[Opening LISTED ENTRIES section]

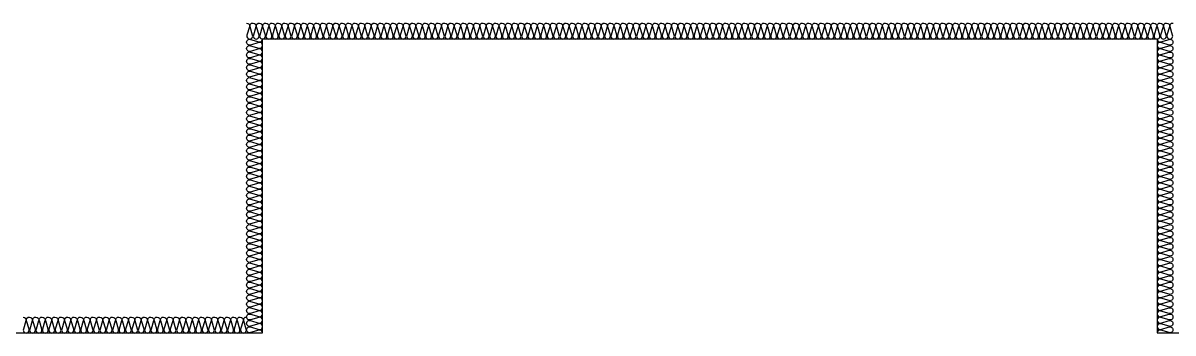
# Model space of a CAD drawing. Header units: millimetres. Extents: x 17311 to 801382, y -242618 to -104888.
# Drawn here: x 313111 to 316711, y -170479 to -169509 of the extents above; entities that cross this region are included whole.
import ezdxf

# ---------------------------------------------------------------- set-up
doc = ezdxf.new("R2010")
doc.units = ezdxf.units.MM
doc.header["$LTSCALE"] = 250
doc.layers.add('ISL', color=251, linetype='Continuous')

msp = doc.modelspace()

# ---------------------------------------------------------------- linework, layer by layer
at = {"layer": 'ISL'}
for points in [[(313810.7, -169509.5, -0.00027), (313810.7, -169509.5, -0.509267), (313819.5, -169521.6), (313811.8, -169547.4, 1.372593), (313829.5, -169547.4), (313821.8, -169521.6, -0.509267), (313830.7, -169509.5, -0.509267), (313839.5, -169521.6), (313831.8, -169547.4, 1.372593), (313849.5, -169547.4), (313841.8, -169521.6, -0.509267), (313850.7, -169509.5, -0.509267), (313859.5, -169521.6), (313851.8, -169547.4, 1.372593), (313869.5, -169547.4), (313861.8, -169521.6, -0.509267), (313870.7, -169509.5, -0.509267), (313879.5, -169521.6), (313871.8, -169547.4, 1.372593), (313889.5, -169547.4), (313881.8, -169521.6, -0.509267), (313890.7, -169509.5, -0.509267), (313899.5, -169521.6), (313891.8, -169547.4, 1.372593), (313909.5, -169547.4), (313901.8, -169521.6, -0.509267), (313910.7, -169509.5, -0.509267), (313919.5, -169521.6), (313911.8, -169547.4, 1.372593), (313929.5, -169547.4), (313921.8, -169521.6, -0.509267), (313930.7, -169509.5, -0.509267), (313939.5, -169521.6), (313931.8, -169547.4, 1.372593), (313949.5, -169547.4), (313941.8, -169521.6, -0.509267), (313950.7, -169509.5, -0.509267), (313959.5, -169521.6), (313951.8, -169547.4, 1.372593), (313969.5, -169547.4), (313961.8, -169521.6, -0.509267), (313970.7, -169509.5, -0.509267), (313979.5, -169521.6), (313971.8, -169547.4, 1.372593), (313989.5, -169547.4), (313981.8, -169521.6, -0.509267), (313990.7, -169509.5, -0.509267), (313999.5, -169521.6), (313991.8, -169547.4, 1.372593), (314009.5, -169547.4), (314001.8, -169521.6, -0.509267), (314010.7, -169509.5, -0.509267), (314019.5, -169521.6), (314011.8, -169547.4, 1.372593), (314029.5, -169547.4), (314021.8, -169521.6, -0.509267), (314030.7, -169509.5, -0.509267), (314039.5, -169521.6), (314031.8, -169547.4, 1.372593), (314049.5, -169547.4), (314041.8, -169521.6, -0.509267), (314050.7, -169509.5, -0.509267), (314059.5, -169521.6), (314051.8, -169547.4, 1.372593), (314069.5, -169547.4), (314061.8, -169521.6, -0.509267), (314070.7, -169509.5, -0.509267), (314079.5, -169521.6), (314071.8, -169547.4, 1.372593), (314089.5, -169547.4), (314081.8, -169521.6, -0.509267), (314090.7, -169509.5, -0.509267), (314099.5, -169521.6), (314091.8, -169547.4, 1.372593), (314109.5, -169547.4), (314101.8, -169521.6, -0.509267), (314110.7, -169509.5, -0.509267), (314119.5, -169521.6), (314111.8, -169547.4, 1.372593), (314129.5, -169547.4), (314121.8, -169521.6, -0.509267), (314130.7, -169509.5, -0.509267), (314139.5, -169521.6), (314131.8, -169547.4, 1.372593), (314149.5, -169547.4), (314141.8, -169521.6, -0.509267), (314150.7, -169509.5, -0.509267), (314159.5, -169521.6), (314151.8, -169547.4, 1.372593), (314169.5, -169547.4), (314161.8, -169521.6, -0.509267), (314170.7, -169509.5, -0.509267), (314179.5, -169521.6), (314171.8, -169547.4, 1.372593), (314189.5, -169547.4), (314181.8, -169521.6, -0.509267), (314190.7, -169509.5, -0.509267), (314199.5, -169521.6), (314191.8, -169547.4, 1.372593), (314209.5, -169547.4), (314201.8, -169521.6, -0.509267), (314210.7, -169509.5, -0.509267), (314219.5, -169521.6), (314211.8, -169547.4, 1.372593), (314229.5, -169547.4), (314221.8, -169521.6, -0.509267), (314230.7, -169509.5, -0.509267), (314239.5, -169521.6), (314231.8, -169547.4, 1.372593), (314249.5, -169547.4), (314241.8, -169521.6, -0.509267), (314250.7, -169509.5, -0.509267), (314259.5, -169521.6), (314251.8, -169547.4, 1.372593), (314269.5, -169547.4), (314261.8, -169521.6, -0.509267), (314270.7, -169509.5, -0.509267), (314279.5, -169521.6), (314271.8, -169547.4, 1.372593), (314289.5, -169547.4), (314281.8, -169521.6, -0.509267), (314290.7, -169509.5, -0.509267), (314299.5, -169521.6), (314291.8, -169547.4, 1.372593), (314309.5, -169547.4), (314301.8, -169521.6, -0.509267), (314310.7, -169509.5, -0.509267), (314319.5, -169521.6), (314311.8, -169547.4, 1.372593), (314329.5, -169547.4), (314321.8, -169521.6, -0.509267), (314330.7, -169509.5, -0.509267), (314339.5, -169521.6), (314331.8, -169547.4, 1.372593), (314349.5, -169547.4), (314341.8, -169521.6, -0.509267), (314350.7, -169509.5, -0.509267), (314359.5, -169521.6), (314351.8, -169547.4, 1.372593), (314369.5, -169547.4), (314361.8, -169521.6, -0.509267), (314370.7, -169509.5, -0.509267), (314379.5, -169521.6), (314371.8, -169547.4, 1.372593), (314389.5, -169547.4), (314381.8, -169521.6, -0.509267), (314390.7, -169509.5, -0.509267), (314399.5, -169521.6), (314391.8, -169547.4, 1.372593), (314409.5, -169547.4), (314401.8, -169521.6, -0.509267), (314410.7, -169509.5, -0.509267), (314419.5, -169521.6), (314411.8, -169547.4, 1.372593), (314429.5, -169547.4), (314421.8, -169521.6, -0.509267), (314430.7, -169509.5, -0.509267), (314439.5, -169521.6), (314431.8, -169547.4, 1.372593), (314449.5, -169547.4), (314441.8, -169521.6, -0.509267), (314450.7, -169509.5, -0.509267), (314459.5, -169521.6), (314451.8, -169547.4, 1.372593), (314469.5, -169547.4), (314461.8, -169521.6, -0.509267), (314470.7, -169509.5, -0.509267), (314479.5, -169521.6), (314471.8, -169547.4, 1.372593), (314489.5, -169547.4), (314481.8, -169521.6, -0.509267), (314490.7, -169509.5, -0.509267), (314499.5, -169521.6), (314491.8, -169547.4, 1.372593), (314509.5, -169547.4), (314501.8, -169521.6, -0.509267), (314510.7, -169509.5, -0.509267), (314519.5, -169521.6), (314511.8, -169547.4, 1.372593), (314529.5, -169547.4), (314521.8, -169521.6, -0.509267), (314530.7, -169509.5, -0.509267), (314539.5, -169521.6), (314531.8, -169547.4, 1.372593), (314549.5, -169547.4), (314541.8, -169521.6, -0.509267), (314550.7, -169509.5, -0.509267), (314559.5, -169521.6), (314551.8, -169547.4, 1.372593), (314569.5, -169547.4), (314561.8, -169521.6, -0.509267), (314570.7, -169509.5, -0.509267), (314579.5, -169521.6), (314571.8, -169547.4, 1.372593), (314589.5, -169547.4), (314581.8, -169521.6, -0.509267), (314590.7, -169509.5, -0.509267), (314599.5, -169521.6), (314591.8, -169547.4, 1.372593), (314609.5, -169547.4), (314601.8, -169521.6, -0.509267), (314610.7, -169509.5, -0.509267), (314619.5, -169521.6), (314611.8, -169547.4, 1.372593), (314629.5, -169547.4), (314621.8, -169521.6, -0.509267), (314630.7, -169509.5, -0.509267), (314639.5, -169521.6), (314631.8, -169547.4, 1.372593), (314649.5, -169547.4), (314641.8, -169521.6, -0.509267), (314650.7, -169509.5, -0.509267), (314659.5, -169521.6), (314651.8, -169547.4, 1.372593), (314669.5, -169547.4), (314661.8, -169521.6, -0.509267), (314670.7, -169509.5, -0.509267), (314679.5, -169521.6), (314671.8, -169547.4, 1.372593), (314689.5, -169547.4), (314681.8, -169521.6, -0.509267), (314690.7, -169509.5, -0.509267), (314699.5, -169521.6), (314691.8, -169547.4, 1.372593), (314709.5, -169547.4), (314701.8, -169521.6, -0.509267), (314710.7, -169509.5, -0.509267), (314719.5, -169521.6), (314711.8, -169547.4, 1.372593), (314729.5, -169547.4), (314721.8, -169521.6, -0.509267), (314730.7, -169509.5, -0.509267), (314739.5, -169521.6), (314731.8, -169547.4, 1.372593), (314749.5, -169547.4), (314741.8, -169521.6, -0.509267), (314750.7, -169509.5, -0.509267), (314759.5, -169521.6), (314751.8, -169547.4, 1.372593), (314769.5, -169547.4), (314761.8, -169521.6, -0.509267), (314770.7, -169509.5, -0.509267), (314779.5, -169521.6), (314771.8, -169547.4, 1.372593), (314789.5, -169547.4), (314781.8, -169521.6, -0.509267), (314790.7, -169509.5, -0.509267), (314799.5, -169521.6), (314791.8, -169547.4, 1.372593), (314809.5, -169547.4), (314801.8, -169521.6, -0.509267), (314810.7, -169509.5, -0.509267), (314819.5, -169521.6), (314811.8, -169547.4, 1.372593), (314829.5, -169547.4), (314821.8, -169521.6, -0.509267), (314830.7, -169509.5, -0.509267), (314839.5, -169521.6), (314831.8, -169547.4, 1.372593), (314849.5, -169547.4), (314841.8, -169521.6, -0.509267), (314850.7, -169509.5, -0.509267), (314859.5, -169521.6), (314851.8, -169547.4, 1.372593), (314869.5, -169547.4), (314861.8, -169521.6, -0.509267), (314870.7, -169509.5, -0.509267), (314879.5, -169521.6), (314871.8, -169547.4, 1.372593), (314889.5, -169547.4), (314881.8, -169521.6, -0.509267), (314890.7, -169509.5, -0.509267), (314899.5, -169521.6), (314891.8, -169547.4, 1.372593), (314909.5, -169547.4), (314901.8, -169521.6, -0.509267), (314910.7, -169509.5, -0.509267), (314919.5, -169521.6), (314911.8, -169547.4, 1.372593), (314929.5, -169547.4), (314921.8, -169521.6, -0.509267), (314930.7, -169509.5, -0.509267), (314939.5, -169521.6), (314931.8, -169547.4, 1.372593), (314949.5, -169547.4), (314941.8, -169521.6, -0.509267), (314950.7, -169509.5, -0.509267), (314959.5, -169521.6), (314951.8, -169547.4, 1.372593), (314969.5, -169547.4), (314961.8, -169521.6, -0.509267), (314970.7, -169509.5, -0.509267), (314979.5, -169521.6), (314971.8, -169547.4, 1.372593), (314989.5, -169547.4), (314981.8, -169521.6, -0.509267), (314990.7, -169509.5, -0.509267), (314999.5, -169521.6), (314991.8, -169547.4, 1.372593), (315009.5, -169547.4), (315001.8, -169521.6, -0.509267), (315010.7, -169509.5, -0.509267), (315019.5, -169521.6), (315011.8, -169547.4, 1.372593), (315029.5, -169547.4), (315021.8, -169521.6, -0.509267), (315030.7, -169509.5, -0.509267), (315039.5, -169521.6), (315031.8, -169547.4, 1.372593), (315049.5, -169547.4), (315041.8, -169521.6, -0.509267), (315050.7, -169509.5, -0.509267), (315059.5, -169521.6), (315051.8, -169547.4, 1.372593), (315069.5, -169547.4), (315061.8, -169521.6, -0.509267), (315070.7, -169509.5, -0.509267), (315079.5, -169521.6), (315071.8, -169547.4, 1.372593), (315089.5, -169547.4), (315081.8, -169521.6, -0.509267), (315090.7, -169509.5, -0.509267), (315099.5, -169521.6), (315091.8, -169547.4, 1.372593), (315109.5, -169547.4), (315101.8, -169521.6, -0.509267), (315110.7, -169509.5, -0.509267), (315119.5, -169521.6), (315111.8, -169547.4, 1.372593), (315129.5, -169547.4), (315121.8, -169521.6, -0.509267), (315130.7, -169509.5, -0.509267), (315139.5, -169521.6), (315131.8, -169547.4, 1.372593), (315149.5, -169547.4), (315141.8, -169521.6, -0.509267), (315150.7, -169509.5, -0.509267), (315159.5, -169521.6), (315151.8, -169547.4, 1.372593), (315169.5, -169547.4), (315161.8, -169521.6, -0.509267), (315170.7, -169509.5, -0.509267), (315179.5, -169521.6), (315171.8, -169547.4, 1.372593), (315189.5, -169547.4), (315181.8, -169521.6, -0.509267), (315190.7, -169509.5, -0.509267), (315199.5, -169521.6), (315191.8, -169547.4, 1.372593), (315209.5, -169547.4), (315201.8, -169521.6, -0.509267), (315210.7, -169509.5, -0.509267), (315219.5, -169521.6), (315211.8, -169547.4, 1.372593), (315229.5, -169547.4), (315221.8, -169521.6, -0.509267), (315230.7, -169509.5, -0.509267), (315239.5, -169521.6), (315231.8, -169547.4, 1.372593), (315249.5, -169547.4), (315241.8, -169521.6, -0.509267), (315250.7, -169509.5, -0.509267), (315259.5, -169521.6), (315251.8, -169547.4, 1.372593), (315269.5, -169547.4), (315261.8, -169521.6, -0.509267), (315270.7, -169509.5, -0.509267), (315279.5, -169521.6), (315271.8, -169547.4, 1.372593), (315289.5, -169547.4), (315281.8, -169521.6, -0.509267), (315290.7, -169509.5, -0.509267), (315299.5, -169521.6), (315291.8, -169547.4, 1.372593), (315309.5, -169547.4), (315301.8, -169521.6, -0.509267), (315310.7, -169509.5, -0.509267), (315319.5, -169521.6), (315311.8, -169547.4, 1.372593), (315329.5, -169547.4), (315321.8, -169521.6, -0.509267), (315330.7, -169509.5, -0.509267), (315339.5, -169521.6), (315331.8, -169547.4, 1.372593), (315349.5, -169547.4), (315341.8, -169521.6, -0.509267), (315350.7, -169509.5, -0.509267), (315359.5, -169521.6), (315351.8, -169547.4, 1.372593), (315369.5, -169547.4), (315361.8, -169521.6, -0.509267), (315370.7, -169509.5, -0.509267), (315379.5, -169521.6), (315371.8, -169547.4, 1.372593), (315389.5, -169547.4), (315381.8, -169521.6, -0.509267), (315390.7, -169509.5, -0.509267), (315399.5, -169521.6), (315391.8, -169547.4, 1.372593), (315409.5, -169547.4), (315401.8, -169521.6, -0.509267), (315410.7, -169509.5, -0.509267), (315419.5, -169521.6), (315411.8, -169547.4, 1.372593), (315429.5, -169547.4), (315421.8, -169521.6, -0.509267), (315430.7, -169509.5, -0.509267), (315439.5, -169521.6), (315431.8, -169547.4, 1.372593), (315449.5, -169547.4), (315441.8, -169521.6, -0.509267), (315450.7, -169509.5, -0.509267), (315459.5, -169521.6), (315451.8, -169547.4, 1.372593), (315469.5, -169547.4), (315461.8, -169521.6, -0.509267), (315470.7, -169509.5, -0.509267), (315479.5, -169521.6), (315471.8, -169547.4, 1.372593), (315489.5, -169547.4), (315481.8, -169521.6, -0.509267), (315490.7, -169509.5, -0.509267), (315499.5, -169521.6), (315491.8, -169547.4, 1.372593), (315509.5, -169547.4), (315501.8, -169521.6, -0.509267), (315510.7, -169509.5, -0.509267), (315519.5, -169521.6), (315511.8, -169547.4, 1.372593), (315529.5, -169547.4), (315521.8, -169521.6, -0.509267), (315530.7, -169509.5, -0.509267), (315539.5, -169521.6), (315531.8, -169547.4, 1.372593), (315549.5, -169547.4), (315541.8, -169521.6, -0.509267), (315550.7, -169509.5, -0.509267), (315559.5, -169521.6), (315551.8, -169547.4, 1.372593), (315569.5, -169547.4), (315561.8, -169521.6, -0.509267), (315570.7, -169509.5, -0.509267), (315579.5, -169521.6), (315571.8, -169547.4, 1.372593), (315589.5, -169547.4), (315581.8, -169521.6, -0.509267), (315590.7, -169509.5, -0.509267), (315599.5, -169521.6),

[Closing LISTED ENTRIES section]

> AIM OF THE EXERCISE
Take the records from their first line through the line containing "import ezdxf" and please return exactly those lines, both ends included, minus the pictures.

> RESPONSE BOX
# Model space of a CAD drawing. Header units: millimetres. Extents: x 17311 to 801382, y -242618 to -104888.
# Drawn here: x 313111 to 316711, y -170479 to -169509 of the extents above; entities that cross this region are included whole.
import ezdxf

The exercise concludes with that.